▸ What the exercise asks
Show every line of the data that contains the string "OutputSignals".

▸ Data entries
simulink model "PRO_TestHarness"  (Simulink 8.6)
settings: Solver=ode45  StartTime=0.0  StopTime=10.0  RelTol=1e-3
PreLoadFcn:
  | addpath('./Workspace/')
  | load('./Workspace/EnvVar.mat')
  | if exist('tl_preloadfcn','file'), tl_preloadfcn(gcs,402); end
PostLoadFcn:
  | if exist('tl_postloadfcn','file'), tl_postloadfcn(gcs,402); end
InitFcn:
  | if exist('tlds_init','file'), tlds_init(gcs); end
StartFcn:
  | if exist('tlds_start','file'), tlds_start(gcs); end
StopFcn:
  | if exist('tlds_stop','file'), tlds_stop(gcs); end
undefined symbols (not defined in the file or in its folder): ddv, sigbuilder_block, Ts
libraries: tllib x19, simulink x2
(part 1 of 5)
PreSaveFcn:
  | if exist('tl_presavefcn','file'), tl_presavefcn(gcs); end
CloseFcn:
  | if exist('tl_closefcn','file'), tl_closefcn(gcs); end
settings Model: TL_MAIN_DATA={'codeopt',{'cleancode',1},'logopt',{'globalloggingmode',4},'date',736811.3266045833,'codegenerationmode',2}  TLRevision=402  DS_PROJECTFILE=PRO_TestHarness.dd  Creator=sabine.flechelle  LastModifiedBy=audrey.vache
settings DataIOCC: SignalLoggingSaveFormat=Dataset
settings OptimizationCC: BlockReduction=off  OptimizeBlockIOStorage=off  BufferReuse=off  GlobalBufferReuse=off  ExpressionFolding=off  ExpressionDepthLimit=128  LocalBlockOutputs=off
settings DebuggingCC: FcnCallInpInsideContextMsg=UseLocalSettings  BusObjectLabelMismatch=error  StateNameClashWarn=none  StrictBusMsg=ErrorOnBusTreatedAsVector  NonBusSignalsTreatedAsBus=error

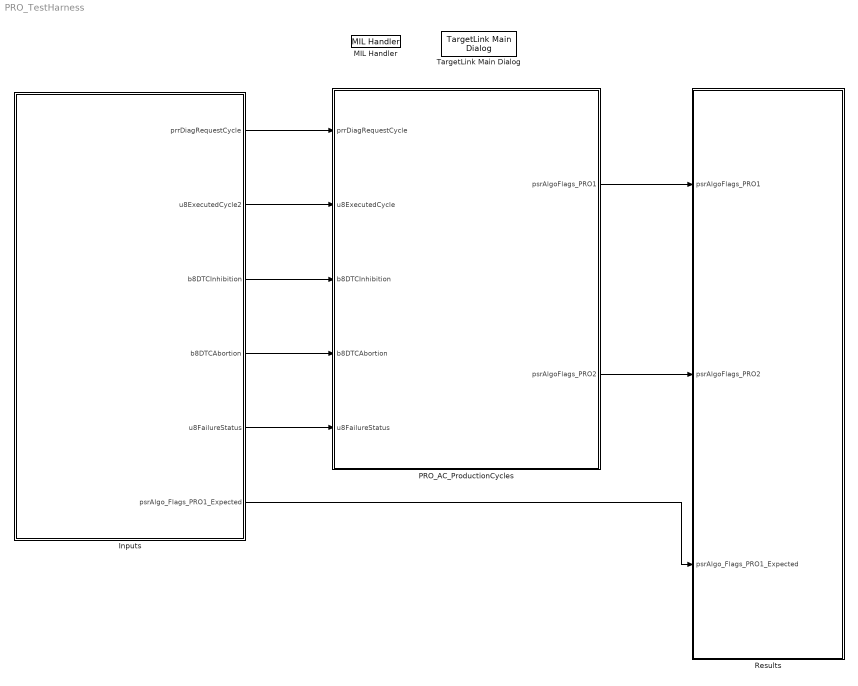
== system PRO_TestHarness ==
  Inputs : Subsystem
  MIL Handler : tllib/MIL Handler  data={'date',730486}
  PRO_AC_ProductionCycles : Subsystem  Tag=TargetLink Simulation Frame  mask(TL_SimFrame){}
      settings: CopyFcn=if exist('tl_copyfcn','file'), tl_copyfcn(gcbh); end  NameChangeFcn=if exist('tl_framenamechangefcn','file'), tl_framenamechangefcn(gcbh); end
      settings: OpenFcn=|
      | if exist('open_tlsubsystem','file')
      |    open_tlsubsystem(gcbh);
      | else
      |    tlsubsystem = ...
      |       find_system(gcb, ...
      |       'LookUnderMasks','on', ...
      |       'FollowLinks','on', ...
      |       'Tag','MIL Subsystem');
      |    open_system(tlsubsystem);
      | end
      mask Display: disp('TargetLink\nSoftware-\nin-the-loop\nmode')
  Results : Subsystem
  TargetLink Main Dialog : tllib/TargetLink Main Dialog  data=[]
  wires:
  Inputs/3(b8DTCInhibition) -> PRO_AC_ProductionCycles/3(b8DTCInhibition)
  Inputs/4(b8DTCAbortion) -> PRO_AC_ProductionCycles/4(b8DTCAbortion)
  Inputs/2(u8ExecutedCycle2) -> PRO_AC_ProductionCycles/2(u8ExecutedCycle)
  PRO_AC_ProductionCycles/1(psrAlgoFlags_PRO1) -> Results/1(psrAlgoFlags_PRO1)
  Inputs/6(psrAlgo_Flags_PRO1_Expected) -> Results/3(psrAlgo_Flags_PRO1_Expected)
  Inputs/1(prrDiagRequestCycle) -> PRO_AC_ProductionCycles/1(prrDiagRequestCycle)
  PRO_AC_ProductionCycles/2(psrAlgoFlags_PRO2) -> Results/2(psrAlgoFlags_PRO2)
  Inputs/5(u8FailureStatus) -> PRO_AC_ProductionCycles/5(u8FailureStatus)

== system PRO_TestHarness/Inputs ==
  Bus Creator1 : BusCreator  Inputs=2
  Bus Creator3 : BusCreator  Inputs=1
  BusCreator : BusCreator  Inputs=5
  Constant1 : Constant  Value=ddv('BFD/KU8_ZERO')  OutDataTypeStr=uint8  mask(TL_Constant){data={'output',{'variable','BFD/KU8_ZERO'},'date',736231.40062822914}}
      settings: DeleteFcn=if exist('delete_tlblock','file')==2,delete_tlblock(gcbh);end  NameChangeFcn=if exist('rename_tlblock','file')==2,rename_tlblock(gcbh);end  OpenFcn=if exist('tl_open_blockdlg','file')==2,tl_open_blockdlg(gcbh);else,open_system(gcbh,'parameter');end
      mask Help: eval(['if exist(''tl_online_help'',''file'') == 2, tl_online_help(''Topic'',''TL_Constant''),else, web([''jar:file:///'',matlabroot,''/help/toolbox/simulink/help.jar!/slref/' lower(get_param(gcbh,'Blocktype')) '.html''], ''-helpbrowser''),end'])
      mask Display: plot([-0.05, 1.05, NaN, -0.05, 1.05],[.01, .01, NaN, .99, .99])
  Manage_Sampling : Subsystem  TreatAsAtomicUnit=on
  Signal Builder : Subsystem  Tag=STV Subsys  LoadFcn=sigbuilder_block('load');  StartFcn=sigbuilder_block('start');  StopFcn=sigbuilder_block('stop');  ClipboardFcn=sigbuilder_block('clipboard');  mask(Sigbuilder block){}
      mask init:
      | if ~strcmp(get_param(bdroot(gcb),'SimulationStatus'),'stopped') tuvar = sigbuilder_block('maskInit'); end
      settings: CopyFcn=sigbuilder_block('copy');  DeleteFcn=sigbuilder_block('delete');  ModelCloseFcn=sigbuilder_block('modelClose');  PreSaveFcn=sigbuilder_block('preSave');  PauseFcn=sigbuilder_block('pause')  ContinueFcn=sigbuilder_block('continue')  NameChangeFcn=sigbuilder_block('namechange');  OpenFcn=sigbuilder_block('open',[132.75 123 813.75 406.5 ]);  CloseFcn=sigbuilder_block('close');
      mask Display: plot(0,0,100,100,[10,10,40,40,10],[80,20,20,80,80],[40,10],[50,50], [40,27,10],[65,72,56],[40,25,25,10],[28,28,43,43]);
  Terminator : Terminator
  prrDiagRequestCycle : Outport
  u8ExecutedCycle2 : Outport  Port=2  OutDataTypeStr=uint8  PortDimensions=1
  b8DTCInhibition : Outport  Port=3  PortDimensions=1
  b8DTCAbortion : Outport  Port=4  PortDimensions=1
  u8FailureStatus : Outport  Port=5
  psrAlgo_Flags_PRO1_Expected : Outport  Port=6
  wires:
  Manage_Sampling/4(b8DTCInhibition) -> b8DTCInhibition/1
  Manage_Sampling/3(u8ExecutedCycle2) -> u8ExecutedCycle2/1
  Manage_Sampling/5(b8DTCAbortion) -> b8DTCAbortion/1
  Bus Creator3/1 -> prrDiagRequestCycle/1
  Manage_Sampling/1(u8RequestedCycle1) -> Bus Creator3/1  "u8RequestedCycle"
  Manage_Sampling/2(u8RequestedCycleComplement1) -> Terminator/1  "u8RequestedCycleComplement"
  BusCreator/1 -> psrAlgo_Flags_PRO1_Expected/1
  Manage_Sampling/7(b8TriggeringOrder_Expected2) -> BusCreator/1
  Manage_Sampling/8(b8AbortionOrder_Expected2) -> BusCreator/2
  Manage_Sampling/9(b8PreActivationFlag_Expected1) -> BusCreator/3
  Manage_Sampling/10(b8PreConditionsFlag_Expected) -> BusCreator/4
  Manage_Sampling/11(u8TriggeringSource_Expected5) -> BusCreator/5
  Signal Builder/11(u8TriggeringSource_PRO1_Expected) -> Manage_Sampling/11(u8TriggeringSource_Expected4)
  Signal Builder/10(b8PreConditionsFlag_PRO1_Expected) -> Manage_Sampling/10(b8PreConditionsFlag_Expected2)
  Signal Builder/5(bAbortionMode) -> Manage_Sampling/5(b8DTCAbortion1)
  Signal Builder/3(u8ExecutedCycle) -> Manage_Sampling/3(u8ExecutedCycle)
  Signal Builder/4(btInhibitionMode) -> Manage_Sampling/4(b8DTCInhibition1)
  Signal Builder/8(b8AbortionFlag_PRO1_Expected) -> Manage_Sampling/8(b8AbortionOrder_Expected)
  Signal Builder/7(b8TriggerFlag_PRO1_Expected) -> Manage_Sampling/7(b8TriggeringOrder_Expected)
  Signal Builder/2(u8RequestedCycleComplement) -> Manage_Sampling/2(u8RequestedCycleComplement)
  Signal Builder/9(b8PreActivationFlag_PRO1_Expected) -> Manage_Sampling/9(b8PreActivationFlag_Expected)
  Signal Builder/1(u8RequestedCycle) -> Manage_Sampling/1(u8RequestedCycle)
  Bus Creator1/1 -> u8FailureStatus/1
  Constant1/1 -> Bus Creator1/1  "u8Status_UVDuringTensioning"
  Manage_Sampling/6(b8OverVoltageStatus1) -> Bus Creator1/2  "u8Status_OverVoltage"
  Signal Builder/6(b8OverVoltageStatus) -> Manage_Sampling/6(b8OverVoltageStatus)

== system PRO_TestHarness/PRO_AC_ProductionCycles ==
  prrDiagRequestCycle : Inport
  u8ExecutedCycle : Inport  Port=2
  b8DTCInhibition : Inport  Port=3  OutDataTypeStr=uint8
  b8DTCAbortion : Inport  Port=4  OutDataTypeStr=uint8
  u8FailureStatus : Inport  Port=5
  S-function frame : Subsystem
  Subsystem : Subsystem  Tag=struct('sfcnName','PRO_AC_ProductionCycles_sf','subFunction','','srcSubsystem','')  Commented=on  mask(TL_Enable){}
      settings: OpenFcn=warndlg(get_param(gcb,'MaskHelp'),'Serious Warning');
      mask Help: This subsystem keeps the TargetLink subsystem (subsystem with TargetLink blocks for production code generation), and is needed for the TargetLink simulation frame to work properly. DO NOT DELETE OR MODIFY IT!
  Timer : simulink/Ports & Subsystems/Function-Call Generator  sample_time=0.01  numberOfIterations=1
  psrAlgoFlags_PRO1 : Outport
  psrAlgoFlags_PRO2 : Outport  Port=2
  wires:
  Timer/1 -> S-function frame/Trigger
  prrDiagRequestCycle/1 -> S-function frame/1(In1)
  u8ExecutedCycle/1 -> S-function frame/2(In2)
  b8DTCInhibition/1 -> S-function frame/3(In3)
  b8DTCAbortion/1 -> S-function frame/4(In4)
  u8FailureStatus/1 -> S-function frame/5(In5)
  S-function frame/1(Out1) -> psrAlgoFlags_PRO1/1
  S-function frame/2(Out2) -> psrAlgoFlags_PRO2/1

== system PRO_TestHarness/Results ==
  psrAlgoFlags_PRO1 : Inport
  psrAlgoFlags_PRO2 : Inport  Port=2
  psrAlgo_Flags_PRO1_Expected : Inport  Port=3
  BusSelector1 : BusSelector  OutputSignals=b8TriggerFlag_PR01,b8InterruptFlag_PRO1,b8PreActivationFlag_PRO1,b8PreConditionsFlag_PRO1,u8TriggeringSource_PRO1
  BusSelector3 : BusSelector  OutputSignals=b8TriggerFlag_PRO2,b8InterruptFlag_PRO2,b8ActivationFlag_PRO2,b8PreConditionsFlag_PRO2,u8TriggeringSource_PRO2
  Data Type Conversion{,1,4,8..12,19..20} (10 alike) : DataTypeConversion  OutDataTypeStr=double  RndMeth=Nearest
  Mux : Mux  Inputs=10
  Scope : Scope  NumInputPorts=5
  To Workspace : ToWorkspace  VariableName=Simout  SaveFormat=Structure  SampleTime=-1
  wires:
  psrAlgoFlags_PRO1/1 -> BusSelector1/1
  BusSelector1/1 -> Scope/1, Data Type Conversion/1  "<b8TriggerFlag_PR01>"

▸ Output for this task
  BusSelector1 : BusSelector  OutputSignals=b8TriggerFlag_PR01,b8InterruptFlag_PRO1,b8PreActivationFlag_PRO1,b8PreConditionsFlag_PRO1,u8TriggeringSource_PRO1
  BusSelector3 : BusSelector  OutputSignals=b8TriggerFlag_PRO2,b8InterruptFlag_PRO2,b8ActivationFlag_PRO2,b8PreConditionsFlag_PRO2,u8TriggeringSource_PRO2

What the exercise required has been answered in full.